Abstract
575
Objectives: Artificial intelligence (AI)-based methods are showing promise in reconstructing and processing nuclear-medicine images[1,2] Conventionally these methods are evaluated using figures of merit (FoMs) such as root mean squared error (RMSE)[3,4], structural similarity index (SSIM)[3,5], and peak signal-to-noise ratio (PSNR)[3,6]. However, nuclear-medicine images are acquired for clinical tasks, such as detection and quantification, and it is unclear if these metrics correlate with task performance. Our objective was to study whether evaluation of the AI-based methods using conventional FoMs yielded the same interpretation as objective evaluation on clinical tasks.
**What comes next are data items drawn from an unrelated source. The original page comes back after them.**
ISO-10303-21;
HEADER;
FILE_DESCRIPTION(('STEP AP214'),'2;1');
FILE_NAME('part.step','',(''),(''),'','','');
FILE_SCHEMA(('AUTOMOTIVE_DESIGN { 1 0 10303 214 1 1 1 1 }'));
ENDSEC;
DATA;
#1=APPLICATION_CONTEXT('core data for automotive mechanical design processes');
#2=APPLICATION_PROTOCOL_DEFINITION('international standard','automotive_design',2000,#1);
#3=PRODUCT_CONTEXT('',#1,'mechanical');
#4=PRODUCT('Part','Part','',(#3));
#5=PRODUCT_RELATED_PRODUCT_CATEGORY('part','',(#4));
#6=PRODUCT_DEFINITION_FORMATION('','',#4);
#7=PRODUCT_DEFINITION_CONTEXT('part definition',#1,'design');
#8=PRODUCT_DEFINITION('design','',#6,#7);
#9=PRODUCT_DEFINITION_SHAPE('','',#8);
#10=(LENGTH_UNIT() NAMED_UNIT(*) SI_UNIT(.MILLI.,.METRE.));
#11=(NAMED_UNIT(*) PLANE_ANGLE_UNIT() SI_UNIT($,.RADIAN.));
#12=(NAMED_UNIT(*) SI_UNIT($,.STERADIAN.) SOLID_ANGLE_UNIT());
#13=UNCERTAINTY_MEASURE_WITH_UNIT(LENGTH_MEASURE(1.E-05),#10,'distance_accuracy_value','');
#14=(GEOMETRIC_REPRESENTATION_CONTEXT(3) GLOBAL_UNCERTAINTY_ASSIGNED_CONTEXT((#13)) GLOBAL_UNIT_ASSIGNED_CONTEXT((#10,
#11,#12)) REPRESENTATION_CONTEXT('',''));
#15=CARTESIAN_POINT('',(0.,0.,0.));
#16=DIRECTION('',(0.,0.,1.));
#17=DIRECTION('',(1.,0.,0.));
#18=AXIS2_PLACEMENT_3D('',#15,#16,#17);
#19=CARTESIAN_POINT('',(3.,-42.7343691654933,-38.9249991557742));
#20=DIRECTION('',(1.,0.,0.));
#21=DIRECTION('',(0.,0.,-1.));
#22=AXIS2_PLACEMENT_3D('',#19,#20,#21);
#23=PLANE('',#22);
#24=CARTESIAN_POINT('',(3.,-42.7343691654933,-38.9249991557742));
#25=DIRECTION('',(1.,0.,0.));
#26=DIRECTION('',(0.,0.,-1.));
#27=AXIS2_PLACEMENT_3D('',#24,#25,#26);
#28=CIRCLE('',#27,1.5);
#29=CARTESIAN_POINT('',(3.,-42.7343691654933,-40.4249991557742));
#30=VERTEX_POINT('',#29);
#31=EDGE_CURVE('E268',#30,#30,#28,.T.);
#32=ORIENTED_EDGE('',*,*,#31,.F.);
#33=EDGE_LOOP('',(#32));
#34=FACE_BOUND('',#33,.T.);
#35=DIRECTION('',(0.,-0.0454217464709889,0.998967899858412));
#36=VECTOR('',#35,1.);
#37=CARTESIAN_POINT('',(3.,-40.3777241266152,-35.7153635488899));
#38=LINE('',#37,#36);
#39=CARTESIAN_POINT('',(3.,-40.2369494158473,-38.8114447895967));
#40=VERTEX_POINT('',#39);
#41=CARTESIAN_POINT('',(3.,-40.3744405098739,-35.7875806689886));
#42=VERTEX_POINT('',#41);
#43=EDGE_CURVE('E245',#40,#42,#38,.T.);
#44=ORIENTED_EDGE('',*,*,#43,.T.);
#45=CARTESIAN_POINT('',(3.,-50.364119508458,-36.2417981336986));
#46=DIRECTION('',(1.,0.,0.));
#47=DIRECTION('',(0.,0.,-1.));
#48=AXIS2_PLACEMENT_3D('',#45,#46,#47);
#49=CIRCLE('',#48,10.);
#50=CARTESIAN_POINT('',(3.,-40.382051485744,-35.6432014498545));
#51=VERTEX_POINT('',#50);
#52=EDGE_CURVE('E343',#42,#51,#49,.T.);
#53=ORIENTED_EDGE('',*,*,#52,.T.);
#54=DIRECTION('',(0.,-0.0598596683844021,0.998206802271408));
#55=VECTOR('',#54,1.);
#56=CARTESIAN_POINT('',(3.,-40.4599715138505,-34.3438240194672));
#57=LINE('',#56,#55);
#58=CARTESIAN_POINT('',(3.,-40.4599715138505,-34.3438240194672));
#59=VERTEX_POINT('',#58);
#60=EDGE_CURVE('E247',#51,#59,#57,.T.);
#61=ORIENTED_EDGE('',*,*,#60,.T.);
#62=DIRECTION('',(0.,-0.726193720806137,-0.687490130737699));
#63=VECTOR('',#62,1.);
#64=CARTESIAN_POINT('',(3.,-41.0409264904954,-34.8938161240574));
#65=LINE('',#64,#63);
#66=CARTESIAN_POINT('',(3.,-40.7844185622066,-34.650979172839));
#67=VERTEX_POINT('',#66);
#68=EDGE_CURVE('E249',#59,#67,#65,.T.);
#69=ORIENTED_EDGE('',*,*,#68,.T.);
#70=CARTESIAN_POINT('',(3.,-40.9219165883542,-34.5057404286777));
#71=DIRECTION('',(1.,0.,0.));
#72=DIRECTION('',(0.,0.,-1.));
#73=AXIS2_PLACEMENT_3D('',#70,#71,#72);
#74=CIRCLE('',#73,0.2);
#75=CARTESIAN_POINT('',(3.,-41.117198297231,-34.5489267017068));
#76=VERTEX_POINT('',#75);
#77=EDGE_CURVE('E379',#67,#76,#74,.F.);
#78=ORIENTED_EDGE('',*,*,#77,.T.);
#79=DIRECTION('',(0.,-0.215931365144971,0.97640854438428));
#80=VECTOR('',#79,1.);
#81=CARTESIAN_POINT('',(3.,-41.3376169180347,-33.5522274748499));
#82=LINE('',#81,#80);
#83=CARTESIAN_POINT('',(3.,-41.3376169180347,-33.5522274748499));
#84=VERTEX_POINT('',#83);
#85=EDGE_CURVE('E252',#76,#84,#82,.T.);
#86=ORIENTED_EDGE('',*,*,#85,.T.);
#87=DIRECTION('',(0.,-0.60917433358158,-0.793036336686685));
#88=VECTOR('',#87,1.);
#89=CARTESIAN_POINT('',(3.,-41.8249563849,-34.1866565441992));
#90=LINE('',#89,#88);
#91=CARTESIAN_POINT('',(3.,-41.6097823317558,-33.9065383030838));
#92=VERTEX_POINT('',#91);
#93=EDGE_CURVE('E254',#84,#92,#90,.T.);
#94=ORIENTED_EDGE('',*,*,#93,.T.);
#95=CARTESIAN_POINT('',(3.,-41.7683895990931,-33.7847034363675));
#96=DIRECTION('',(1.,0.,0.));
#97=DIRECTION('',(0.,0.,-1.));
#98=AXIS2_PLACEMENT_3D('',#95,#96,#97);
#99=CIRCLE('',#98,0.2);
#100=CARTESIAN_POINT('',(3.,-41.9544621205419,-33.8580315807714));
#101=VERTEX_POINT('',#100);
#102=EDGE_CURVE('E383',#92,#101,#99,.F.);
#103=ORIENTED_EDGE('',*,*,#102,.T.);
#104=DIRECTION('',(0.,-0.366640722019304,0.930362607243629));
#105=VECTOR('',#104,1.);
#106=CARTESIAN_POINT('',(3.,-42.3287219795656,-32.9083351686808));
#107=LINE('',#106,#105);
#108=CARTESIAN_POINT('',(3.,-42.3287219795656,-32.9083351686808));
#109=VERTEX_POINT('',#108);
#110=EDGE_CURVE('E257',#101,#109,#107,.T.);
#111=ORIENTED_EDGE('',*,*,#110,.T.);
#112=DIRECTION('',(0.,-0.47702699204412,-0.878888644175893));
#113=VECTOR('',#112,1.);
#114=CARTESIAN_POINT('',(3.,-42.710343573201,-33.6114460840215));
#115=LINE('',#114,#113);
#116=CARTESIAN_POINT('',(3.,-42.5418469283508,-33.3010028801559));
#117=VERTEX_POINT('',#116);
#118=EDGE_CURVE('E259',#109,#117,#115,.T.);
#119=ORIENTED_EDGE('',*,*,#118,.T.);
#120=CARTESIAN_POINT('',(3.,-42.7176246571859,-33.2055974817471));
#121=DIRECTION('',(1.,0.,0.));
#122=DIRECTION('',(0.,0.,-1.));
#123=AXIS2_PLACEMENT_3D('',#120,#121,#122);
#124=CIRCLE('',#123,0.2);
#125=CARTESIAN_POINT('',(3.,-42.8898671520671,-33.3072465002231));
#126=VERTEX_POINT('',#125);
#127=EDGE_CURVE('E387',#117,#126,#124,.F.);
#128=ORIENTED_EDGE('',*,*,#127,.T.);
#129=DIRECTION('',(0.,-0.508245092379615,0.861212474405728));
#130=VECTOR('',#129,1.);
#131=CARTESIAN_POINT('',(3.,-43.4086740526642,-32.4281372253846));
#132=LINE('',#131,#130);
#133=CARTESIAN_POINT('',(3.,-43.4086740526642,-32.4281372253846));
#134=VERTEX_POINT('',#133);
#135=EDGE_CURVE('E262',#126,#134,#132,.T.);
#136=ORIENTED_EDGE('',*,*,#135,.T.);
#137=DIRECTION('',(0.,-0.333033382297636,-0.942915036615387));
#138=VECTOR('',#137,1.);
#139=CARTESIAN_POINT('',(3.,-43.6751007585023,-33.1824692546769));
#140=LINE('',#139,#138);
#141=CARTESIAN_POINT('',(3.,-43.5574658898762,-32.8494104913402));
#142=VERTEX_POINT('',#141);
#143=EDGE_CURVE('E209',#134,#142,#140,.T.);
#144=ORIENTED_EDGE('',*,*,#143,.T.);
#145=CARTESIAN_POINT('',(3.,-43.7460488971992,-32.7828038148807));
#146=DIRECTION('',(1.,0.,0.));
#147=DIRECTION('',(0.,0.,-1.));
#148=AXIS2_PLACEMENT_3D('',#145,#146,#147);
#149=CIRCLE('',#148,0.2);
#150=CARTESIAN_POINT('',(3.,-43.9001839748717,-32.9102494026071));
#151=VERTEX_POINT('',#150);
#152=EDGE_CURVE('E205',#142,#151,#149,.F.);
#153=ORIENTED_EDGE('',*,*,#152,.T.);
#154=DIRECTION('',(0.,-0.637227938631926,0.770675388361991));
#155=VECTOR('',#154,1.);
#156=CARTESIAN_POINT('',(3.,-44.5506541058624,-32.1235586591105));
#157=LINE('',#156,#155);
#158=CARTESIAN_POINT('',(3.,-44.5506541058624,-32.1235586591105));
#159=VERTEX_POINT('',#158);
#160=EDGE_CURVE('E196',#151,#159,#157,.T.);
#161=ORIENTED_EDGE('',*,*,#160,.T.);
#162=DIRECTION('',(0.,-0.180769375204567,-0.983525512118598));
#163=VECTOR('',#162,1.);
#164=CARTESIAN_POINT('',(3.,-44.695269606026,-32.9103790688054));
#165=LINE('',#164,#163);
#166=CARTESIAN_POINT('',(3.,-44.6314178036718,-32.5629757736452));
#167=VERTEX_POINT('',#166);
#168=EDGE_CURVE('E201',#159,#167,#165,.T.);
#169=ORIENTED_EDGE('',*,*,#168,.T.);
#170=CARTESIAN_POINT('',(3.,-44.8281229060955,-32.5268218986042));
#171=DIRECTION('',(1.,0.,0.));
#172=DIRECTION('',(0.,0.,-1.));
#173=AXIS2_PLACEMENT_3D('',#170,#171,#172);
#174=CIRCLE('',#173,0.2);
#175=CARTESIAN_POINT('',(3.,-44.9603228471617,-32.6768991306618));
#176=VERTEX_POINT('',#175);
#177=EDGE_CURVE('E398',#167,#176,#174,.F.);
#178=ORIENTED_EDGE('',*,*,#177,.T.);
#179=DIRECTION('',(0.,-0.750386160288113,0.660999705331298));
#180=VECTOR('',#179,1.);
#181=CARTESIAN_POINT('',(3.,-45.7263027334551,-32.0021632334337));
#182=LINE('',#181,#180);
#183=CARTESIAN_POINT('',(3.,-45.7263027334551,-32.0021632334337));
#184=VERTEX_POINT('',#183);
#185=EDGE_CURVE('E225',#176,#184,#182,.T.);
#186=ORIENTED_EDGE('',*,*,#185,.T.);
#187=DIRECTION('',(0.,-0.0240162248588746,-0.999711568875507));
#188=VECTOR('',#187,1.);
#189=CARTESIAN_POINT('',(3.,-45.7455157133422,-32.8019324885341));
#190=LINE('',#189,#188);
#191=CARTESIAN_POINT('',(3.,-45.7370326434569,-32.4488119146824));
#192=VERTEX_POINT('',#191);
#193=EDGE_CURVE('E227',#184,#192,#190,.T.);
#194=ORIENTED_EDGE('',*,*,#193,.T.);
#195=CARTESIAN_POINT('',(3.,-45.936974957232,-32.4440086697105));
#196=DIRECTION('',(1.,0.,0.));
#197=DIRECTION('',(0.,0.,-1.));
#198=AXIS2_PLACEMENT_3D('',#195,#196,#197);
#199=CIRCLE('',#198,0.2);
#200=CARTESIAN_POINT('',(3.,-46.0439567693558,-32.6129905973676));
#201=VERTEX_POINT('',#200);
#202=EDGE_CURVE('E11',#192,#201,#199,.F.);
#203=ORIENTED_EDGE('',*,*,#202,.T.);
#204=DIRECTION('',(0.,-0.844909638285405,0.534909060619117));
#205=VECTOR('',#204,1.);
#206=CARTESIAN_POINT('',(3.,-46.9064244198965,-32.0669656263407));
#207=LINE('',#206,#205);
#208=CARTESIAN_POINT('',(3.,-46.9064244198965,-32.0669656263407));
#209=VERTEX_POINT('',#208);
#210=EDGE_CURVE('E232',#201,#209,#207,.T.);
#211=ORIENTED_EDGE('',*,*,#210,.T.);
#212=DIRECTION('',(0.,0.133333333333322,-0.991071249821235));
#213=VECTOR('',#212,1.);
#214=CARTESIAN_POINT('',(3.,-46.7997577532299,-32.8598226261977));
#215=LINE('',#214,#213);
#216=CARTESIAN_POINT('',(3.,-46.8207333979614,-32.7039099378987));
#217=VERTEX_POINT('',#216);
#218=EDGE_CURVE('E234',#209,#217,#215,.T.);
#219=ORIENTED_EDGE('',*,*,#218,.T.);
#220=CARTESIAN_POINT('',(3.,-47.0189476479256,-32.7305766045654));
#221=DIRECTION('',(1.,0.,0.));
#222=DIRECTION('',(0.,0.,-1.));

Methods: There is much interest in using AI-based methods to acquire images at lower dose/acquisition times. Given this interest, we conducted this study in the context of evaluating an AI-based method to denoise myocardial perfusion SPECT (MPS) images acquired at five-times lower dose (Fig. 1a). Using the XCAT phantom[7], a total of 14,000 digital phantoms with and without defects were generated. 18 types of myocardial defects, including 3 extent types, 3 severity types, and 2 locations, all based on existing clinical data[8,9], were evenly distributed in the defect-present population. Projection data for these phantoms at both normal and five-times lower dose were generated using highly realistic simulations that modeled various SPECT image-degrading processes. Both these sets of images were reconstructed using a 2D OSEM-based technique. A convolutional neural network (CNN)-based method was developed to predict the normal-dose image from the low-dose image (i.e. denoise the low-dose image). The CNN was optimized and trained using 12,000 low and normal-dose image pairs, and the rest 2000 were used for testing. The performance of this AI-based method on the clinical task of detecting myocardial perfusion defects was objectively evaluated using a previously validated Hotelling-observer-based technique designed for this task[10]. The detection performance was quantified using area under the ROC curve (AUC). Also, the RMSE, SSIM, and PSNR were computed for the CNN-denoised images. For comparison, we also computed these FoMs for the images reconstructed using the pure OSEM technique.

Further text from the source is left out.